Questo bug non c'è più. (almeno sul mio sistema)

----------

## heXen

 *Sparker wrote:*   

>  *nick_spacca wrote:*    occupa il 99% del processore...
> 
>  
> 
> Questo bug non c'è più. (almeno sul mio sistema)

 

con quale versione?

----------

## =DvD=

 *heXen wrote:*   

>  *Sparker wrote:*    *nick_spacca wrote:*    occupa il 99% del processore...
> 
>  
> 
> Questo bug non c'è più. (almeno sul mio sistema) 
> ...

 

Probabilmente con una ~x86  :Wink: 

----------

## Cazzantonio

ggv è gpl.... io prefersico sempre programmi gpl se ce ne sono  :Wink: 

----------

## hardskinone

Io uso xpdf ma non conoscevo ggv, proverò anche quest'ultimo.

----------

## Danilo

kpdf, l'unica fregature e' che non puoi dirgli: stampami solo la pagina 3.

----------

## federico

Passate al 7 senza pensarci mezzo secondo!!!

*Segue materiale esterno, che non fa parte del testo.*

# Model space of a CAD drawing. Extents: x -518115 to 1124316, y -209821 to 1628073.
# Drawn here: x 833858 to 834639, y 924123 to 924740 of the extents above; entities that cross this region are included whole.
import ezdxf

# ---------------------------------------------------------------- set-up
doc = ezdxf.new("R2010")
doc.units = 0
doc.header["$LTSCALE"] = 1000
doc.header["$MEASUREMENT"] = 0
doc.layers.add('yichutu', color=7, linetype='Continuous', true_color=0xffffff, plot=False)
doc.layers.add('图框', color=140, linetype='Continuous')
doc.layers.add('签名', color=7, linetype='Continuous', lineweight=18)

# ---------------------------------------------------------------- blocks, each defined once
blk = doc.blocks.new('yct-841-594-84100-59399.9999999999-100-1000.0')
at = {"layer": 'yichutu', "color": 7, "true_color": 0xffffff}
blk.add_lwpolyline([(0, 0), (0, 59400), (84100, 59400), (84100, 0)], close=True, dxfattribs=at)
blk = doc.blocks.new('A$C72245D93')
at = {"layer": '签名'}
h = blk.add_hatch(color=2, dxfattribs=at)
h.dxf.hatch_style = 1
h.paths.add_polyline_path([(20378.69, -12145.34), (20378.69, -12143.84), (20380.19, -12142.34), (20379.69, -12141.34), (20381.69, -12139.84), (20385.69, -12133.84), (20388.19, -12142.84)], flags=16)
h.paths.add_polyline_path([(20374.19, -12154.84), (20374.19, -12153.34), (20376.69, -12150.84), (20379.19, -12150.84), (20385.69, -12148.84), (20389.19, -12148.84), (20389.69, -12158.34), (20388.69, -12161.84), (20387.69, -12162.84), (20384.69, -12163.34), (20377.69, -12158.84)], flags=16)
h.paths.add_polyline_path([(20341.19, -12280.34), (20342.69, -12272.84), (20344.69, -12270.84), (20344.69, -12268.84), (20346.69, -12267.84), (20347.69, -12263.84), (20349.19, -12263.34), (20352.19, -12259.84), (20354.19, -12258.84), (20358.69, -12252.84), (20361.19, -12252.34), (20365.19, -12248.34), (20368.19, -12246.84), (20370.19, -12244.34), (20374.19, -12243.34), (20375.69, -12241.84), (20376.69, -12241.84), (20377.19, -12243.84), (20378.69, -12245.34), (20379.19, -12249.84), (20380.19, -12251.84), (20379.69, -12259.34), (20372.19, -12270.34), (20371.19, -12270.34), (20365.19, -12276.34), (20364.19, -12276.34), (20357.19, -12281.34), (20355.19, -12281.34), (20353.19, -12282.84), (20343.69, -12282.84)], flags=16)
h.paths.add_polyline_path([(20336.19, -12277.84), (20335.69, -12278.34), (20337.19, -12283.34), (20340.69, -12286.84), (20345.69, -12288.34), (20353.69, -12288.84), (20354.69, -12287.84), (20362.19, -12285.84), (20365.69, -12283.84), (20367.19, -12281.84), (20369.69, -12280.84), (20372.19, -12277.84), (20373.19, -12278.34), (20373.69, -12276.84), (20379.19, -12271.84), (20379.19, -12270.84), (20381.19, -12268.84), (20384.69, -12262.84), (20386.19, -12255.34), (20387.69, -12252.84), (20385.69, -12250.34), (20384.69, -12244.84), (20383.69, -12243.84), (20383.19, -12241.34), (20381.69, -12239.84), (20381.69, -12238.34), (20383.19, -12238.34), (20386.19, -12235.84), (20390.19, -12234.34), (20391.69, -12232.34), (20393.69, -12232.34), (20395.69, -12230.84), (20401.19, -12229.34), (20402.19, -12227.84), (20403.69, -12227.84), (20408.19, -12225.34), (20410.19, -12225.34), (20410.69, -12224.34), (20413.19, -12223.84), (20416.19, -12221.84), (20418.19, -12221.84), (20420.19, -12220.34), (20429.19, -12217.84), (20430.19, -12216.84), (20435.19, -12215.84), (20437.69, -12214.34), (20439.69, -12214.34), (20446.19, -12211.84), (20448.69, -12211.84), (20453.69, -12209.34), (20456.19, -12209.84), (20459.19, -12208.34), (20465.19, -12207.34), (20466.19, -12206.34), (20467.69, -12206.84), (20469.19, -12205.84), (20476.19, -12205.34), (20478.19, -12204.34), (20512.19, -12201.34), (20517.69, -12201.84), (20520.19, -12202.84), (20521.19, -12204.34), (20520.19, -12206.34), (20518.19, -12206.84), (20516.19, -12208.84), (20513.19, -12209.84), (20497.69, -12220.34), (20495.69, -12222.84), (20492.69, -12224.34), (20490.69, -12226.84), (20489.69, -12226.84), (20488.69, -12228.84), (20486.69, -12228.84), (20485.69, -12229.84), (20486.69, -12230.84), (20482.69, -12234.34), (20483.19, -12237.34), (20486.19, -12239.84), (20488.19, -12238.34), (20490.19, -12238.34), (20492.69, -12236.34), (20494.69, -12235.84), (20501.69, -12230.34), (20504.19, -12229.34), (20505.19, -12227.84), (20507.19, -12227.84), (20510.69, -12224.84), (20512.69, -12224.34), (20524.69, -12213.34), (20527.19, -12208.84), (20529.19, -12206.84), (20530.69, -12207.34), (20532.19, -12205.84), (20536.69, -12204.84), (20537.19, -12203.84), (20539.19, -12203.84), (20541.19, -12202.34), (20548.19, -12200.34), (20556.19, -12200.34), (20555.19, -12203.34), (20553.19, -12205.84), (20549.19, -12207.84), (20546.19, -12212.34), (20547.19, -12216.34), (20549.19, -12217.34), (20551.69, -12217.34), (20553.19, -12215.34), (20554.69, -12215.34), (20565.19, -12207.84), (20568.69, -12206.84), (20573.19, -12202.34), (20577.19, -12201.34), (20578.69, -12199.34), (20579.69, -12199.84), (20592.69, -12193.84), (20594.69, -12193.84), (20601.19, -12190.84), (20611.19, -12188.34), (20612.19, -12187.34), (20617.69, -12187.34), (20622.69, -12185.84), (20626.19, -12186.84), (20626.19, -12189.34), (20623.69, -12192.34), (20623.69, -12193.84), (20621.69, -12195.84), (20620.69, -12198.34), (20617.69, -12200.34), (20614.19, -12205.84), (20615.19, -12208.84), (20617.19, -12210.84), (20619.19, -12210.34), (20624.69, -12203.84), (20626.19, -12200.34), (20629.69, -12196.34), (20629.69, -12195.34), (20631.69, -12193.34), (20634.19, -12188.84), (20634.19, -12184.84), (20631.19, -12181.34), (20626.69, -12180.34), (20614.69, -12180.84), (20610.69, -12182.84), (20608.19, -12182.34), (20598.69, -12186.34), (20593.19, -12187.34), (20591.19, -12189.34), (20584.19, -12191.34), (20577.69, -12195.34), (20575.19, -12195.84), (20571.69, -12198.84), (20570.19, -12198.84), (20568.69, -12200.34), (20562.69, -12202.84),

E' veloce, ha una grafica simile a quello di windows, ha le opzioni di stampa desiderate, e non succhia tutta la cpu per scemenze!!!

EVVAI questo lo aspettavo da tempo  :Smile: 

Federico

----------

## fedeliallalinea

Poi sempre dirgli apri con... e poi gli dail il path di xpdf

----------

## ProT-0-TypE

 *federico wrote:*   

> Passate al 7 senza pensarci mezzo secondo!!!
> 
> E' veloce, ha una grafica simile a quello di windows, ha le opzioni di stampa desiderate, e non succhia tutta la cpu per scemenze!!!

 

c'è veramente un passaggio di qualità incredibile dala 5 alla 7  :Cool: 

----------

## berus

Confermo.. installato adesso adesso  :Very Happy:  !

Ma come si fa ad abilitare il plugin per firefox?  :Rolling Eyes:  Per adesso lo uso come applicazione di default ma è possibile aprire acrobat dentro firefox giusto?

----------

## n3m0

Sempre usato XPDF, che era l'unico free che mi permettesse di usare il find per il testo e di selezionare e copincollare lo stesso.

Usando KDE, pero', son contento che ora (3.4) KPDF è diventanto molto meglio, avendo anche lui il find e la selezione.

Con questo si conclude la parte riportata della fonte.